» TASK OBJECTIVE: For each entry, restate it word for word while omitting any image it holds.

» DATASET EXTRACT:
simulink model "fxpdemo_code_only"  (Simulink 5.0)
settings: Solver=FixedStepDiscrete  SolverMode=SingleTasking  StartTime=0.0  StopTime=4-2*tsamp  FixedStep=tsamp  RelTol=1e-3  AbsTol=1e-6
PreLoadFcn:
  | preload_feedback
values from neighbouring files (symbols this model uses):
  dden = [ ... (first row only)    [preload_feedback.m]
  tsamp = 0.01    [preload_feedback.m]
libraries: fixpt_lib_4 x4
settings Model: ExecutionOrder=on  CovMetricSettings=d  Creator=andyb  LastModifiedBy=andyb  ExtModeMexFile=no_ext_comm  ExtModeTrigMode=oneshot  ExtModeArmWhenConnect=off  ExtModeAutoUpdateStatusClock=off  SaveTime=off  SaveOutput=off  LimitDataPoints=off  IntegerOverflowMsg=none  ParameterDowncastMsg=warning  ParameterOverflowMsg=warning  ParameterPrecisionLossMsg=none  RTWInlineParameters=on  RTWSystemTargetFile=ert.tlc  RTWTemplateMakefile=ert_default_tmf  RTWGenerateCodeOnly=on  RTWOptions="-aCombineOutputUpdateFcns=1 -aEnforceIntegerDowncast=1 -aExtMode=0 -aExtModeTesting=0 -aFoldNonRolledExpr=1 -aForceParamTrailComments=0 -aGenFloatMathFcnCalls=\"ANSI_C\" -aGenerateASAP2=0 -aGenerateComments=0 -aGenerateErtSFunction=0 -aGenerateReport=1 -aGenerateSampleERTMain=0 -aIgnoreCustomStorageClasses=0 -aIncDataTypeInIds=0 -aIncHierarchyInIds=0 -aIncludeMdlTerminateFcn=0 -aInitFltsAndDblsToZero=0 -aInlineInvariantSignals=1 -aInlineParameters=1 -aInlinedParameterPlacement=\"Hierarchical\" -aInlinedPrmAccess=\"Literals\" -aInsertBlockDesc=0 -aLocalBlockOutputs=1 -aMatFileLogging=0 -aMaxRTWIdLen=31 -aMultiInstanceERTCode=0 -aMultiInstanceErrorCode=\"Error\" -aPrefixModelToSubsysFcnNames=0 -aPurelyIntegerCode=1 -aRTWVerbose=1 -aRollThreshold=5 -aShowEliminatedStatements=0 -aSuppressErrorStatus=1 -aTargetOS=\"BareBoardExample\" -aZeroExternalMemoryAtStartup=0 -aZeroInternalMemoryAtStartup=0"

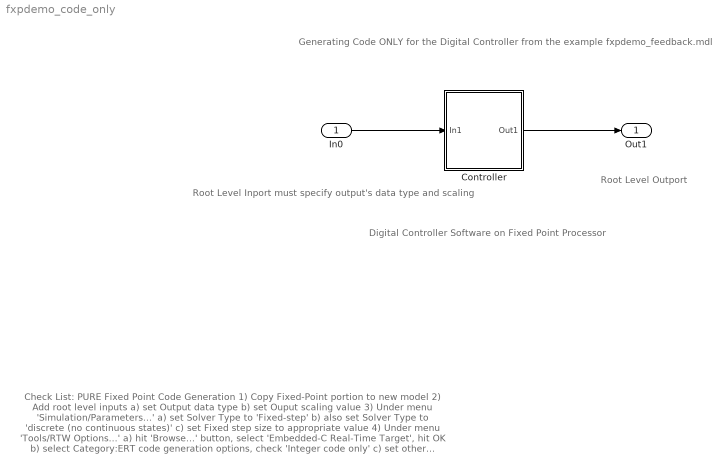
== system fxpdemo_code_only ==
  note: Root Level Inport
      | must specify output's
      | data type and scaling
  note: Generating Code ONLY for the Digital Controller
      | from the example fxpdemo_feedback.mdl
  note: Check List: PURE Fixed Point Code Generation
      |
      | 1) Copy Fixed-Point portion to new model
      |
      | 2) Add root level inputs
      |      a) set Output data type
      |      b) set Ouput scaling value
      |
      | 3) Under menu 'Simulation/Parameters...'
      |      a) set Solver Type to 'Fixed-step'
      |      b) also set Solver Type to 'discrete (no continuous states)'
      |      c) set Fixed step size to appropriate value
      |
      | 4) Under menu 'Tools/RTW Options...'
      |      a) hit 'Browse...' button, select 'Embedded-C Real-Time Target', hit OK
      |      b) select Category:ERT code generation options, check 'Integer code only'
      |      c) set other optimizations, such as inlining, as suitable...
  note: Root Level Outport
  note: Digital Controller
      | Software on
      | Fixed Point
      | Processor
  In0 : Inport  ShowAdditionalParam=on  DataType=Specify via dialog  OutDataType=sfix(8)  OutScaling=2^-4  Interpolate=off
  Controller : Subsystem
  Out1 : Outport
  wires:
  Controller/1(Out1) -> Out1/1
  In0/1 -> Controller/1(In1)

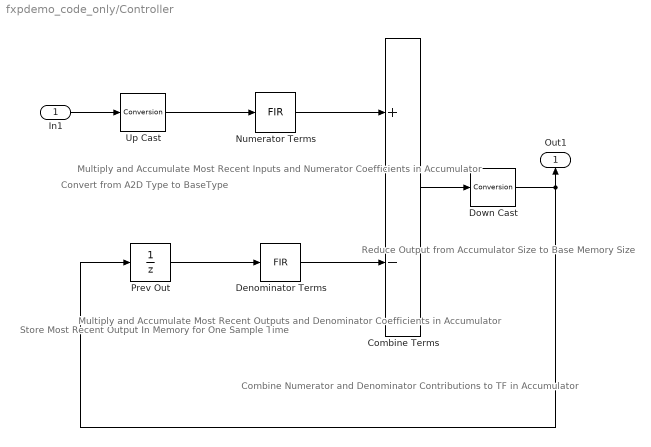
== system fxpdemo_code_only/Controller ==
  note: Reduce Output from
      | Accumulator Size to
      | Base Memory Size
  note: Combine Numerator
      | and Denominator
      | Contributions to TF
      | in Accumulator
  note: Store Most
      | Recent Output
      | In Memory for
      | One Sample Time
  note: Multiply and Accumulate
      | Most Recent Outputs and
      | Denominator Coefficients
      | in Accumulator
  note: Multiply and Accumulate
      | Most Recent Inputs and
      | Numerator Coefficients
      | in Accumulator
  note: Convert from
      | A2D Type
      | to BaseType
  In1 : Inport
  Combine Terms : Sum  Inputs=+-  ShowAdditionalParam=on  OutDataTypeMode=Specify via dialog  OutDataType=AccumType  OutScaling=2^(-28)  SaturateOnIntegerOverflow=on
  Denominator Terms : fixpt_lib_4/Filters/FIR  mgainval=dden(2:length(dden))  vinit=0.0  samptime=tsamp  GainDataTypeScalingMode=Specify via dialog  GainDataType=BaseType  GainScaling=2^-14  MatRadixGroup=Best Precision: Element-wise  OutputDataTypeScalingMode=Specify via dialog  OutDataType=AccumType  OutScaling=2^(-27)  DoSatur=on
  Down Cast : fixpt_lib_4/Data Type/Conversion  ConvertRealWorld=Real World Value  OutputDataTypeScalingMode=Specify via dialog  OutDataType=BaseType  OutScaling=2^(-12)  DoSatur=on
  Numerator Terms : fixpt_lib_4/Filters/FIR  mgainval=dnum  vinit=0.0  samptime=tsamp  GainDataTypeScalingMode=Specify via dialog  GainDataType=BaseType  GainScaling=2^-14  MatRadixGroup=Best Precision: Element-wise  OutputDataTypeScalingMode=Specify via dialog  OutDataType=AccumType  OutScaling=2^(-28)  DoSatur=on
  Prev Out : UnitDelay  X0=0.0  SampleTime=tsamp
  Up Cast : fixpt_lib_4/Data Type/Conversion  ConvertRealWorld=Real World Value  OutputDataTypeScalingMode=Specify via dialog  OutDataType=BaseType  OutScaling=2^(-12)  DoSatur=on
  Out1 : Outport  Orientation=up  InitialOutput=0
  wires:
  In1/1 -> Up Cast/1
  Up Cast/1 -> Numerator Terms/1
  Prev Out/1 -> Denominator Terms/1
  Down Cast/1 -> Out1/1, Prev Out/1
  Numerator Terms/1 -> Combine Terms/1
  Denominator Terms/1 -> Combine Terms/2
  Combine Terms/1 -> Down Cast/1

» TASK SOLUTION:
simulink model "fxpdemo_code_only"  (Simulink 5.0)
settings: Solver=FixedStepDiscrete  SolverMode=SingleTasking  StartTime=0.0  StopTime=4-2*tsamp  FixedStep=tsamp  RelTol=1e-3  AbsTol=1e-6
PreLoadFcn:
  | preload_feedback
values from neighbouring files (symbols this model uses):
  dden = [ ... (first row only)    [preload_feedback.m]
  tsamp = 0.01    [preload_feedback.m]
libraries: fixpt_lib_4 x4
settings Model: ExecutionOrder=on  CovMetricSettings=d  Creator=andyb  LastModifiedBy=andyb  ExtModeMexFile=no_ext_comm  ExtModeTrigMode=oneshot  ExtModeArmWhenConnect=off  ExtModeAutoUpdateStatusClock=off  SaveTime=off  SaveOutput=off  LimitDataPoints=off  IntegerOverflowMsg=none  ParameterDowncastMsg=warning  ParameterOverflowMsg=warning  ParameterPrecisionLossMsg=none  RTWInlineParameters=on  RTWSystemTargetFile=ert.tlc  RTWTemplateMakefile=ert_default_tmf  RTWGenerateCodeOnly=on  RTWOptions="-aCombineOutputUpdateFcns=1 -aEnforceIntegerDowncast=1 -aExtMode=0 -aExtModeTesting=0 -aFoldNonRolledExpr=1 -aForceParamTrailComments=0 -aGenFloatMathFcnCalls=\"ANSI_C\" -aGenerateASAP2=0 -aGenerateComments=0 -aGenerateErtSFunction=0 -aGenerateReport=1 -aGenerateSampleERTMain=0 -aIgnoreCustomStorageClasses=0 -aIncDataTypeInIds=0 -aIncHierarchyInIds=0 -aIncludeMdlTerminateFcn=0 -aInitFltsAndDblsToZero=0 -aInlineInvariantSignals=1 -aInlineParameters=1 -aInlinedParameterPlacement=\"Hierarchical\" -aInlinedPrmAccess=\"Literals\" -aInsertBlockDesc=0 -aLocalBlockOutputs=1 -aMatFileLogging=0 -aMaxRTWIdLen=31 -aMultiInstanceERTCode=0 -aMultiInstanceErrorCode=\"Error\" -aPrefixModelToSubsysFcnNames=0 -aPurelyIntegerCode=1 -aRTWVerbose=1 -aRollThreshold=5 -aShowEliminatedStatements=0 -aSuppressErrorStatus=1 -aTargetOS=\"BareBoardExample\" -aZeroExternalMemoryAtStartup=0 -aZeroInternalMemoryAtStartup=0"

== system fxpdemo_code_only ==
  note: Root Level Inport
      | must specify output's
      | data type and scaling
  note: Generating Code ONLY for the Digital Controller
      | from the example fxpdemo_feedback.mdl
  note: Check List: PURE Fixed Point Code Generation
      |
      | 1) Copy Fixed-Point portion to new model
      |
      | 2) Add root level inputs
      |      a) set Output data type
      |      b) set Ouput scaling value
      |
      | 3) Under menu 'Simulation/Parameters...'
      |      a) set Solver Type to 'Fixed-step'
      |      b) also set Solver Type to 'discrete (no continuous states)'
      |      c) set Fixed step size to appropriate value
      |
      | 4) Under menu 'Tools/RTW Options...'
      |      a) hit 'Browse...' button, select 'Embedded-C Real-Time Target', hit OK
      |      b) select Category:ERT code generation options, check 'Integer code only'
      |      c) set other optimizations, such as inlining, as suitable...
  note: Root Level Outport
  note: Digital Controller
      | Software on
      | Fixed Point
      | Processor
  In0 : Inport  ShowAdditionalParam=on  DataType=Specify via dialog  OutDataType=sfix(8)  OutScaling=2^-4  Interpolate=off
  Controller : Subsystem
  Out1 : Outport
  wires:
  Controller/1(Out1) -> Out1/1
  In0/1 -> Controller/1(In1)

== system fxpdemo_code_only/Controller ==
  note: Reduce Output from
      | Accumulator Size to
      | Base Memory Size
  note: Combine Numerator
      | and Denominator
      | Contributions to TF
      | in Accumulator
  note: Store Most
      | Recent Output
      | In Memory for
      | One Sample Time
  note: Multiply and Accumulate
      | Most Recent Outputs and
      | Denominator Coefficients
      | in Accumulator
  note: Multiply and Accumulate
      | Most Recent Inputs and
      | Numerator Coefficients
      | in Accumulator
  note: Convert from
      | A2D Type
      | to BaseType
  In1 : Inport
  Combine Terms : Sum  Inputs=+-  ShowAdditionalParam=on  OutDataTypeMode=Specify via dialog  OutDataType=AccumType  OutScaling=2^(-28)  SaturateOnIntegerOverflow=on
  Denominator Terms : fixpt_lib_4/Filters/FIR  mgainval=dden(2:length(dden))  vinit=0.0  samptime=tsamp  GainDataTypeScalingMode=Specify via dialog  GainDataType=BaseType  GainScaling=2^-14  MatRadixGroup=Best Precision: Element-wise  OutputDataTypeScalingMode=Specify via dialog  OutDataType=AccumType  OutScaling=2^(-27)  DoSatur=on
  Down Cast : fixpt_lib_4/Data Type/Conversion  ConvertRealWorld=Real World Value  OutputDataTypeScalingMode=Specify via dialog  OutDataType=BaseType  OutScaling=2^(-12)  DoSatur=on
  Numerator Terms : fixpt_lib_4/Filters/FIR  mgainval=dnum  vinit=0.0  samptime=tsamp  GainDataTypeScalingMode=Specify via dialog  GainDataType=BaseType  GainScaling=2^-14  MatRadixGroup=Best Precision: Element-wise  OutputDataTypeScalingMode=Specify via dialog  OutDataType=AccumType  OutScaling=2^(-28)  DoSatur=on
  Prev Out : UnitDelay  X0=0.0  SampleTime=tsamp
  Up Cast : fixpt_lib_4/Data Type/Conversion  ConvertRealWorld=Real World Value  OutputDataTypeScalingMode=Specify via dialog  OutDataType=BaseType  OutScaling=2^(-12)  DoSatur=on
  Out1 : Outport  Orientation=up  InitialOutput=0
  wires:
  In1/1 -> Up Cast/1
  Up Cast/1 -> Numerator Terms/1
  Prev Out/1 -> Denominator Terms/1
  Down Cast/1 -> Out1/1, Prev Out/1
  Numerator Terms/1 -> Combine Terms/1
  Denominator Terms/1 -> Combine Terms/2
  Combine Terms/1 -> Down Cast/1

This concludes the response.